The truth is that the Government have been far from transparent and open about those consequences. The simple question for the House is “Why not?” Why have the Government been so unwilling to acknowledge that the decisions that they have made will produce that result, and why have they been so reluctant to share that analysis? We know what the benefits of the customs union are: it gives us frictionless trade. The Government say they want frictionless trade, but we have it now through the customs union. We know it gives us access to a load of agreements with other countries in the world negotiated by the EU. We know—referring to the point made by the hon. Member for Folkestone and Hythe (Damian Collins)—that it enables the lorries that come off the ferries at Dover to move out seamlessly to help to turn the wheels of industry and stock our supermarket shelves.

Some 60% of our exports go to Europe and those markets we access through the trade deals. Is it possible to imagine any business saying to its biggest customers, “Well, we’ll try and keep on doing what we are doing with you at the moment, but actually we’re more interested in trying to sell stuff to other people around the rest of the world.”?

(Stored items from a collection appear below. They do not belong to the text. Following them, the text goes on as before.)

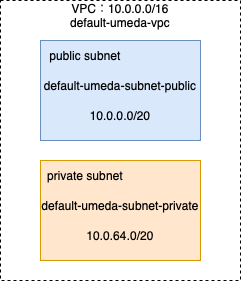

The diagram above was exported from draw.io. Its source (the exported page's mxGraphModel, read from the mxfile embedded in the PNG):
<mxGraphModel dx="954" dy="614" grid="1" gridSize="10" guides="1" tooltips="1" connect="1" arrows="1" fold="1" page="1" pageScale="1" pageWidth="827" pageHeight="1169" math="0" shadow="0">
  <root>
    <mxCell id="0" />
    <mxCell id="1" parent="0" />
    <mxCell id="K7Q0iv4Em9MfqZefPUa--1" value="" style="rounded=0;whiteSpace=wrap;html=1;fillColor=none;dashed=1;" vertex="1" parent="1">
      <mxGeometry x="80" y="40" width="240" height="280" as="geometry" />
    </mxCell>
    <mxCell id="K7Q0iv4Em9MfqZefPUa--2" value="VPC：10.0.0.0/16&lt;br&gt;default-umeda-vpc" style="text;html=1;strokeColor=none;fillColor=none;align=center;verticalAlign=middle;whiteSpace=wrap;rounded=0;" vertex="1" parent="1">
      <mxGeometry x="135" y="40" width="130" height="30" as="geometry" />
    </mxCell>
    <mxCell id="K7Q0iv4Em9MfqZefPUa--3" value="" style="rounded=0;whiteSpace=wrap;html=1;fillColor=#dae8fc;strokeColor=#6c8ebf;" vertex="1" parent="1">
      <mxGeometry x="120" y="80" width="160" height="100" as="geometry" />
    </mxCell>
    <mxCell id="K7Q0iv4Em9MfqZefPUa--4" value="public subnet" style="text;html=1;strokeColor=none;fillColor=none;align=center;verticalAlign=middle;whiteSpace=wrap;rounded=0;" vertex="1" parent="1">
      <mxGeometry x="120" y="80" width="90" height="30" as="geometry" />
    </mxCell>
    <mxCell id="K7Q0iv4Em9MfqZefPUa--5" value="default-umeda-subnet-public" style="text;html=1;strokeColor=none;fillColor=none;align=center;verticalAlign=middle;whiteSpace=wrap;rounded=0;" vertex="1" parent="1">
      <mxGeometry x="120" y="110" width="160" height="30" as="geometry" />
    </mxCell>
    <mxCell id="K7Q0iv4Em9MfqZefPUa--6" value="10.0.0.0/20" style="text;html=1;strokeColor=none;fillColor=none;align=center;verticalAlign=middle;whiteSpace=wrap;rounded=0;" vertex="1" parent="1">
      <mxGeometry x="120" y="140" width="160" height="30" as="geometry" />
    </mxCell>
    <mxCell id="K7Q0iv4Em9MfqZefPUa--7" value="" style="rounded=0;whiteSpace=wrap;html=1;fillColor=#ffe6cc;strokeColor=#d79b00;" vertex="1" parent="1">
      <mxGeometry x="120" y="200" width="160" height="100" as="geometry" />
    </mxCell>
    <mxCell id="K7Q0iv4Em9MfqZefPUa--8" value="private subnet" style="text;html=1;strokeColor=none;fillColor=none;align=center;verticalAlign=middle;whiteSpace=wrap;rounded=0;" vertex="1" parent="1">
      <mxGeometry x="120" y="200" width="90" height="30" as="geometry" />
    </mxCell>
    <mxCell id="K7Q0iv4Em9MfqZefPUa--9" value="default-umeda-subnet-private" style="text;html=1;strokeColor=none;fillColor=none;align=center;verticalAlign=middle;whiteSpace=wrap;rounded=0;" vertex="1" parent="1">
      <mxGeometry x="120" y="230" width="160" height="30" as="geometry" />
    </mxCell>
    <mxCell id="K7Q0iv4Em9MfqZefPUa--10" value="10.0.64.0/20" style="text;html=1;strokeColor=none;fillColor=none;align=center;verticalAlign=middle;whiteSpace=wrap;rounded=0;" vertex="1" parent="1">
      <mxGeometry x="120" y="260" width="160" height="30" as="geometry" />
    </mxCell>
  </root>
</mxGraphModel>

The place where this falls into the starkest relief is in Northern Ireland. The Government say that they do not want a border, yet they also say that they want to leave the customs union and the single market. When it is pointed out to Ministers that that could be a bit of a problem, they say that technology will come to their rescue, even though their ideas are untested. One organisation has even suggested that airships and drones could hover above a non-existent border. I hate to say this, but I do not think that tethered Zeppelins or other airships are going to deal with the problem in Northern Ireland. The truth is that, whatever the weather and no matter how radical the technology is or how much the Government spend, it is hard, if not impossible, to see how this problem can be reconciled if we are to avoid a return to a hard border. That is why there is a crisis in the negotiations with the EU, and why the Irish Government are pushing so hard.

This is what lies behind the argument we are having about the impact assessments that apparently never existed. That is what this debate is about. It is not about process, or about what has been released to the Select Committee. We know that what we have been given has been edited, filleted and sanitised. What this is really about is the process by which the Government took the decision to leave the single market and the customs union. Did they consider the fiscal, economic and employment consequences of the two most important decisions that have been taken since the vote in June 2016? If they did not consider them, why not? And if they did, when are we going to see them? None of us knows how this is going to turn out, but frankly, the Government owe it to the House and to the people of Britain to come clean about how they reached that decision.